[Exercise inputs Boundary: Start]

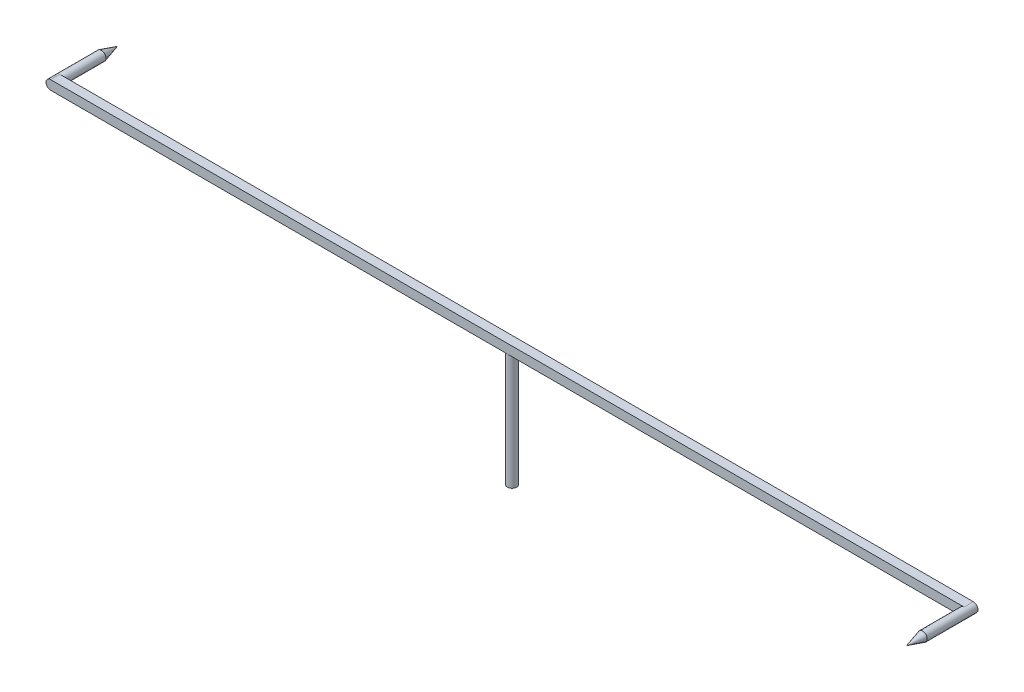
SolidWorks part; units mm, degrees
ref_plane "前视基准面" through (0, 0, 0) normal (0, 0, 1) x (1, 0, 0)
ref_plane "上视基准面" through (0, 0, 0) normal (0, 1, 0) x (1, 0, 0)
ref_plane "右视基准面" through (0, 0, 0) normal (1, 0, 0) x (0, 0, -1)
sketch "草图1" plane through (0, 0, 0) normal (0, 1, 0) x (1, 0, 0)
  circle A0 centre (0, 0) radius 0.4
  dimension "D1" = 0.8
extrude "凸台-拉伸1" add sketch "草图1" along normal blind 10
sketch "草图2" plane through (0, 10, 0) normal (0, 1, 0) x (1, 0, 0)
  line L1 (-40, 0.4) -> (40, 0.4)
  line L2 (-40, 0.4) -> (-40, -0.4)
  line L3 (-40, -0.4) -> (40, -0.4)
  line L4 (40, 0.4) -> (40, -0.4)
  circle A0 centre (0, 0) radius 0.4 construction
  dimension "D1" = 40
  dimension "D2" = 40
extrude "凸台-拉伸2" add sketch "草图2" along normal blind 0.8
fillet "圆角1" radius 0.4 4 edges at (40, 10, 0) (40, 10.8, 0) (-40, 10, 0) (-40, 10.8, 0)
sketch "草图3" plane through (0, 0, 0.4) normal (0, 0, 1) x (1, 0, 0)
  circle A0 centre (39.6, 10.4) radius 0.4
  dimension "D1" = 0.8
extrude "凸台-拉伸3" add sketch "草图3" along normal blind 3.6
sketch "草图4" plane through (0, 0, -0.4) normal (0, 0, -1) x (-1, 0, 0)
  circle A0 centre (39.6, 10.4) radius 0.4
  dimension "D1" = 0.8
extrude "凸台-拉伸4" add sketch "草图4" along normal blind 3.6
ref_plane "基准面1" through (0, 10.4, 0) normal (0, 1, 0) x (1, 0, 0)
sketch "草图5" plane through (0, 10.4, 0) normal (0, 1, 0) x (1, 0, 0)
  line L0 (39.6, -4) -> (39.6, -5.4)
  line L1 (39.2, -4) -> (40, -4) construction
  line L2 (40, -4) -> (39.6, -5.4)
  line L3 (39.6, -4) -> (40, -4)
  dimension "D1" = 1.4
revolve "旋转1" add sketch "草图5" angle 360 about L0
sketch "草图6" plane through (0, 10.4, 0) normal (0, 1, 0) x (1, 0, 0)
  line L0 (-39.6, 4) -> (-39.6, 5.4)
  line L1 (-39.2, 4) -> (-40, 4) construction
  line L2 (-39.6, 5.4) -> (-40, 4)
  line L3 (-40, 4) -> (-39.6, 4)
  dimension "D1" = 1.4
revolve "旋转2" add sketch "草图6" angle 360 about L0

[Exercise inputs Boundary: End]

Exercise prompt: Reproduce the lines above letter for letter. The pictures stay behind.

Your solution:
SolidWorks part; units mm, degrees
ref_plane "前视基准面" through (0, 0, 0) normal (0, 0, 1) x (1, 0, 0)
ref_plane "上视基准面" through (0, 0, 0) normal (0, 1, 0) x (1, 0, 0)
ref_plane "右视基准面" through (0, 0, 0) normal (1, 0, 0) x (0, 0, -1)
sketch "草图1" plane through (0, 0, 0) normal (0, 1, 0) x (1, 0, 0)
  circle A0 centre (0, 0) radius 0.4
  dimension "D1" = 0.8
extrude "凸台-拉伸1" add sketch "草图1" along normal blind 10
sketch "草图2" plane through (0, 10, 0) normal (0, 1, 0) x (1, 0, 0)
  line L1 (-40, 0.4) -> (40, 0.4)
  line L2 (-40, 0.4) -> (-40, -0.4)
  line L3 (-40, -0.4) -> (40, -0.4)
  line L4 (40, 0.4) -> (40, -0.4)
  circle A0 centre (0, 0) radius 0.4 construction
  dimension "D1" = 40
  dimension "D2" = 40
extrude "凸台-拉伸2" add sketch "草图2" along normal blind 0.8
fillet "圆角1" radius 0.4 4 edges at (40, 10, 0) (40, 10.8, 0) (-40, 10, 0) (-40, 10.8, 0)
sketch "草图3" plane through (0, 0, 0.4) normal (0, 0, 1) x (1, 0, 0)
  circle A0 centre (39.6, 10.4) radius 0.4
  dimension "D1" = 0.8
extrude "凸台-拉伸3" add sketch "草图3" along normal blind 3.6
sketch "草图4" plane through (0, 0, -0.4) normal (0, 0, -1) x (-1, 0, 0)
  circle A0 centre (39.6, 10.4) radius 0.4
  dimension "D1" = 0.8
extrude "凸台-拉伸4" add sketch "草图4" along normal blind 3.6
ref_plane "基准面1" through (0, 10.4, 0) normal (0, 1, 0) x (1, 0, 0)
sketch "草图5" plane through (0, 10.4, 0) normal (0, 1, 0) x (1, 0, 0)
  line L0 (39.6, -4) -> (39.6, -5.4)
  line L1 (39.2, -4) -> (40, -4) construction
  line L2 (40, -4) -> (39.6, -5.4)
  line L3 (39.6, -4) -> (40, -4)
  dimension "D1" = 1.4
revolve "旋转1" add sketch "草图5" angle 360 about L0
sketch "草图6" plane through (0, 10.4, 0) normal (0, 1, 0) x (1, 0, 0)
  line L0 (-39.6, 4) -> (-39.6, 5.4)
  line L1 (-39.2, 4) -> (-40, 4) construction
  line L2 (-39.6, 5.4) -> (-40, 4)
  line L3 (-40, 4) -> (-39.6, 4)
  dimension "D1" = 1.4
revolve "旋转2" add sketch "草图6" angle 360 about L0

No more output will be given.